[Exercise data — start]

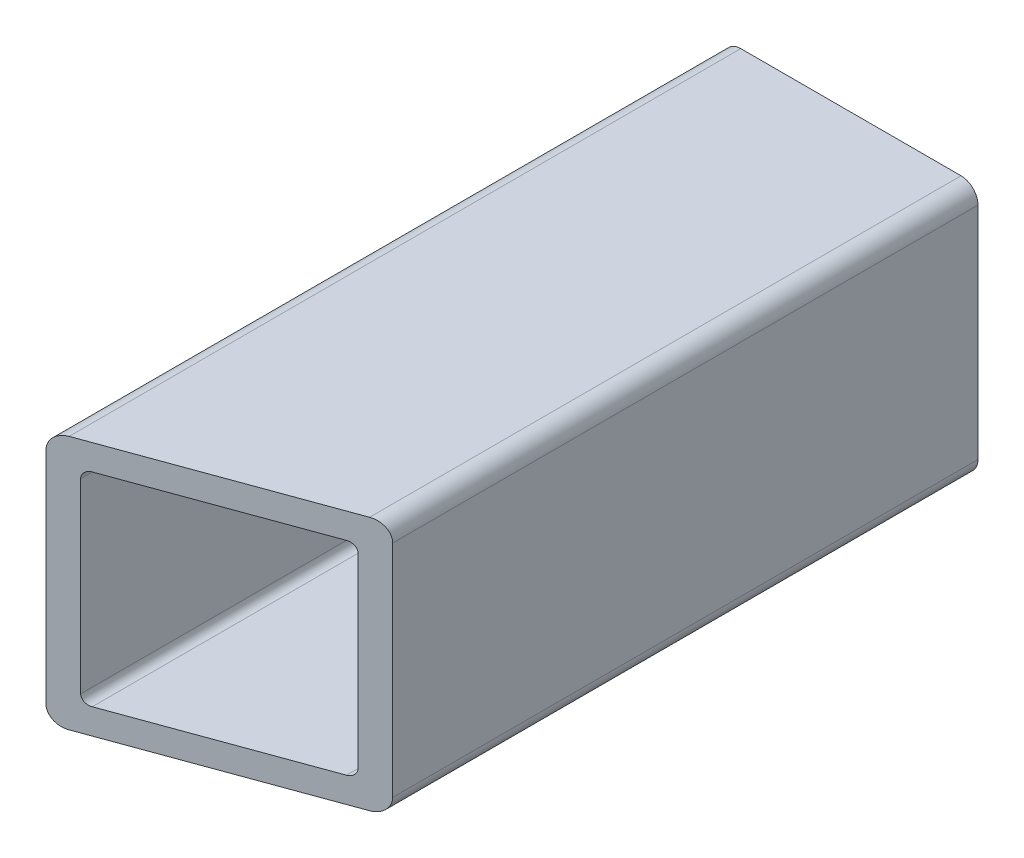
ISO-10303-21;
HEADER;
FILE_DESCRIPTION(('STEP AP214'),'2;1');
FILE_NAME('part.step','',(''),(''),'','','');
FILE_SCHEMA(('AUTOMOTIVE_DESIGN { 1 0 10303 214 1 1 1 1 }'));
ENDSEC;
DATA;
#1=APPLICATION_CONTEXT('core data for automotive mechanical design processes');
#2=APPLICATION_PROTOCOL_DEFINITION('international standard','automotive_design',2000,#1);
#3=PRODUCT_CONTEXT('',#1,'mechanical');
#4=PRODUCT('Part','Part','',(#3));
#5=PRODUCT_RELATED_PRODUCT_CATEGORY('part','',(#4));
#6=PRODUCT_DEFINITION_FORMATION('','',#4);
#7=PRODUCT_DEFINITION_CONTEXT('part definition',#1,'design');
#8=PRODUCT_DEFINITION('design','',#6,#7);
#9=PRODUCT_DEFINITION_SHAPE('','',#8);
#10=(LENGTH_UNIT() NAMED_UNIT(*) SI_UNIT(.MILLI.,.METRE.));
#11=(NAMED_UNIT(*) PLANE_ANGLE_UNIT() SI_UNIT($,.RADIAN.));
#12=(NAMED_UNIT(*) SI_UNIT($,.STERADIAN.) SOLID_ANGLE_UNIT());
#13=UNCERTAINTY_MEASURE_WITH_UNIT(LENGTH_MEASURE(1.E-05),#10,'distance_accuracy_value','');
#14=(GEOMETRIC_REPRESENTATION_CONTEXT(3) GLOBAL_UNCERTAINTY_ASSIGNED_CONTEXT((#13)) GLOBAL_UNIT_ASSIGNED_CONTEXT((#10,
#11,#12)) REPRESENTATION_CONTEXT('',''));
#15=CARTESIAN_POINT('',(0.,0.,0.));
#16=DIRECTION('',(0.,0.,1.));
#17=DIRECTION('',(1.,0.,0.));
#18=AXIS2_PLACEMENT_3D('',#15,#16,#17);
#19=CARTESIAN_POINT('',(-13.,-0.999999999999999,0.));
#20=DIRECTION('',(0.,0.,1.));
#21=DIRECTION('',(1.,0.,0.));
#22=AXIS2_PLACEMENT_3D('',#19,#20,#21);
#23=PLANE('',#22);
#24=CARTESIAN_POINT('',(-13.,-0.999999999999999,0.));
#25=DIRECTION('',(0.,0.,1.));
#26=DIRECTION('',(1.,0.,0.));
#27=AXIS2_PLACEMENT_3D('',#24,#25,#26);
#28=CIRCLE('',#27,2.);
#29=CARTESIAN_POINT('',(-15.,-0.999999999999999,0.));
#30=VERTEX_POINT('',#29);
#31=CARTESIAN_POINT('',(-13.,-3.,0.));
#32=VERTEX_POINT('',#31);
#33=EDGE_CURVE('E172',#30,#32,#28,.T.);
#34=ORIENTED_EDGE('',*,*,#33,.F.);
#35=DIRECTION('',(0.,-1.,0.));
#36=VECTOR('',#35,1.);
#37=CARTESIAN_POINT('',(-15.,-0.999999999999999,0.));
#38=LINE('',#37,#36);
#39=CARTESIAN_POINT('',(-15.,25.,0.));
#40=VERTEX_POINT('',#39);
#41=EDGE_CURVE('E188',#40,#30,#38,.T.);
#42=ORIENTED_EDGE('',*,*,#41,.F.);
#43=CARTESIAN_POINT('',(-13.,25.,0.));
#44=DIRECTION('',(0.,0.,1.));
#45=DIRECTION('',(1.,0.,0.));
#46=AXIS2_PLACEMENT_3D('',#43,#44,#45);
#47=CIRCLE('',#46,2.);
#48=CARTESIAN_POINT('',(-13.,27.,0.));
#49=VERTEX_POINT('',#48);
#50=EDGE_CURVE('E190',#49,#40,#47,.T.);
#51=ORIENTED_EDGE('',*,*,#50,.F.);
#52=DIRECTION('',(-1.,0.,0.));
#53=VECTOR('',#52,1.);
#54=CARTESIAN_POINT('',(-13.,27.,0.));
#55=LINE('',#54,#53);
#56=CARTESIAN_POINT('',(13.,27.,0.));
#57=VERTEX_POINT('',#56);
#58=EDGE_CURVE('E192',#57,#49,#55,.T.);
#59=ORIENTED_EDGE('',*,*,#58,.F.);
#60=CARTESIAN_POINT('',(13.,25.,0.));
#61=DIRECTION('',(0.,0.,1.));
#62=DIRECTION('',(1.,0.,0.));
#63=AXIS2_PLACEMENT_3D('',#60,#61,#62);
#64=CIRCLE('',#63,2.);
#65=CARTESIAN_POINT('',(15.,25.,0.));
#66=VERTEX_POINT('',#65);
#67=EDGE_CURVE('E195',#66,#57,#64,.T.);
#68=ORIENTED_EDGE('',*,*,#67,.F.);
#69=DIRECTION('',(0.,1.,0.));
#70=VECTOR('',#69,1.);
#71=CARTESIAN_POINT('',(15.,-0.999999999999999,0.));
#72=LINE('',#71,#70);
#73=CARTESIAN_POINT('',(15.,-0.999999999999999,0.));
#74=VERTEX_POINT('',#73);
#75=EDGE_CURVE('E198',#74,#66,#72,.T.);
#76=ORIENTED_EDGE('',*,*,#75,.F.);
#77=CARTESIAN_POINT('',(13.,-0.999999999999999,0.));
#78=DIRECTION('',(0.,0.,1.));
#79=DIRECTION('',(1.,0.,0.));
#80=AXIS2_PLACEMENT_3D('',#77,#78,#79);
#81=CIRCLE('',#80,2.);
#82=CARTESIAN_POINT('',(13.,-3.,0.));
#83=VERTEX_POINT('',#82);
#84=EDGE_CURVE('E201',#83,#74,#81,.T.);
#85=ORIENTED_EDGE('',*,*,#84,.F.);
#86=DIRECTION('',(1.,0.,0.));
#87=VECTOR('',#86,1.);
#88=CARTESIAN_POINT('',(-13.,-3.,0.));
#89=LINE('',#88,#87);
#90=EDGE_CURVE('E204',#32,#83,#89,.T.);
#91=ORIENTED_EDGE('',*,*,#90,.F.);
#92=EDGE_LOOP('',(#34,#42,#51,#59,#68,#76,#85,#91));
#93=FACE_BOUND('',#92,.T.);
#94=CARTESIAN_POINT('',(-11.,1.,0.));
#95=DIRECTION('',(0.,0.,1.));
#96=DIRECTION('',(1.,0.,0.));
#97=AXIS2_PLACEMENT_3D('',#94,#95,#96);
#98=CIRCLE('',#97,1.);
#99=CARTESIAN_POINT('',(-12.,1.,0.));
#100=VERTEX_POINT('',#99);
#101=CARTESIAN_POINT('',(-11.,0.,0.));
#102=VERTEX_POINT('',#101);
#103=EDGE_CURVE('E159',#100,#102,#98,.T.);
#104=ORIENTED_EDGE('',*,*,#103,.T.);
#105=DIRECTION('',(1.,0.,0.));
#106=VECTOR('',#105,1.);
#107=CARTESIAN_POINT('',(-11.,0.,0.));
#108=LINE('',#107,#106);
#109=CARTESIAN_POINT('',(11.,0.,0.));
#110=VERTEX_POINT('',#109);
#111=EDGE_CURVE('E241',#102,#110,#108,.T.);
#112=ORIENTED_EDGE('',*,*,#111,.T.);
#113=CARTESIAN_POINT('',(11.,1.,0.));
#114=DIRECTION('',(0.,0.,1.));
#115=DIRECTION('',(1.,0.,0.));
#116=AXIS2_PLACEMENT_3D('',#113,#114,#115);
#117=CIRCLE('',#116,1.);
#118=CARTESIAN_POINT('',(12.,1.,0.));
#119=VERTEX_POINT('',#118);
#120=EDGE_CURVE('E238',#110,#119,#117,.T.);
#121=ORIENTED_EDGE('',*,*,#120,.T.);
#122=DIRECTION('',(0.,1.,0.));
#123=VECTOR('',#122,1.);
#124=CARTESIAN_POINT('',(12.,1.,0.));
#125=LINE('',#124,#123);
#126=CARTESIAN_POINT('',(12.,23.,0.));
#127=VERTEX_POINT('',#126);
#128=EDGE_CURVE('E235',#119,#127,#125,.T.);
#129=ORIENTED_EDGE('',*,*,#128,.T.);
#130=CARTESIAN_POINT('',(11.,23.,0.));
#131=DIRECTION('',(0.,0.,1.));
#132=DIRECTION('',(1.,0.,0.));
#133=AXIS2_PLACEMENT_3D('',#130,#131,#132);
#134=CIRCLE('',#133,1.);
#135=CARTESIAN_POINT('',(11.,24.,0.));
#136=VERTEX_POINT('',#135);
#137=EDGE_CURVE('E232',#127,#136,#134,.T.);
#138=ORIENTED_EDGE('',*,*,#137,.T.);
#139=DIRECTION('',(-1.,0.,0.));
#140=VECTOR('',#139,1.);
#141=CARTESIAN_POINT('',(-11.,24.,0.));
#142=LINE('',#141,#140);
#143=CARTESIAN_POINT('',(-11.,24.,0.));
#144=VERTEX_POINT('',#143);
#145=EDGE_CURVE('E229',#136,#144,#142,.T.);
#146=ORIENTED_EDGE('',*,*,#145,.T.);
#147=CARTESIAN_POINT('',(-11.,23.,0.));
#148=DIRECTION('',(0.,0.,1.));
#149=DIRECTION('',(1.,0.,0.));
#150=AXIS2_PLACEMENT_3D('',#147,#148,#149);
#151=CIRCLE('',#150,1.);
#152=CARTESIAN_POINT('',(-12.,23.,0.));
#153=VERTEX_POINT('',#152);
#154=EDGE_CURVE('E226',#144,#153,#151,.T.);
#155=ORIENTED_EDGE('',*,*,#154,.T.);
#156=DIRECTION('',(0.,-1.,0.));
#157=VECTOR('',#156,1.);
#158=CARTESIAN_POINT('',(-12.,1.,0.));
#159=LINE('',#158,#157);
#160=EDGE_CURVE('E223',#153,#100,#159,.T.);
#161=ORIENTED_EDGE('',*,*,#160,.T.);
#162=EDGE_LOOP('',(#104,#112,#121,#129,#138,#146,#155,#161));
#163=FACE_BOUND('',#162,.T.);
#164=ADVANCED_FACE('F36',(#93,#163),#23,.F.);
#165=CARTESIAN_POINT('',(-13.,-0.999999999999999,80.));
#166=DIRECTION('',(0.,0.,-1.));
#167=DIRECTION('',(-1.,0.,0.));
#168=AXIS2_PLACEMENT_3D('',#165,#166,#167);
#169=CYLINDRICAL_SURFACE('',#168,2.);
#170=DIRECTION('',(0.,0.,-1.));
#171=VECTOR('',#170,1.);
#172=CARTESIAN_POINT('',(-13.,-3.,80.));
#173=LINE('',#172,#171);
#174=CARTESIAN_POINT('',(-13.,-3.,79.2720595314676));
#175=VERTEX_POINT('',#174);
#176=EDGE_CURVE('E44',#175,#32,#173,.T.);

[Exercise data — finish]

The problem | Show the lines in the entries above that include the string "CIRCLE".

Result |
#28=CIRCLE('',#27,2.);
#47=CIRCLE('',#46,2.);
#64=CIRCLE('',#63,2.);
#81=CIRCLE('',#80,2.);
#98=CIRCLE('',#97,1.);
#117=CIRCLE('',#116,1.);
#134=CIRCLE('',#133,1.);
#151=CIRCLE('',#150,1.);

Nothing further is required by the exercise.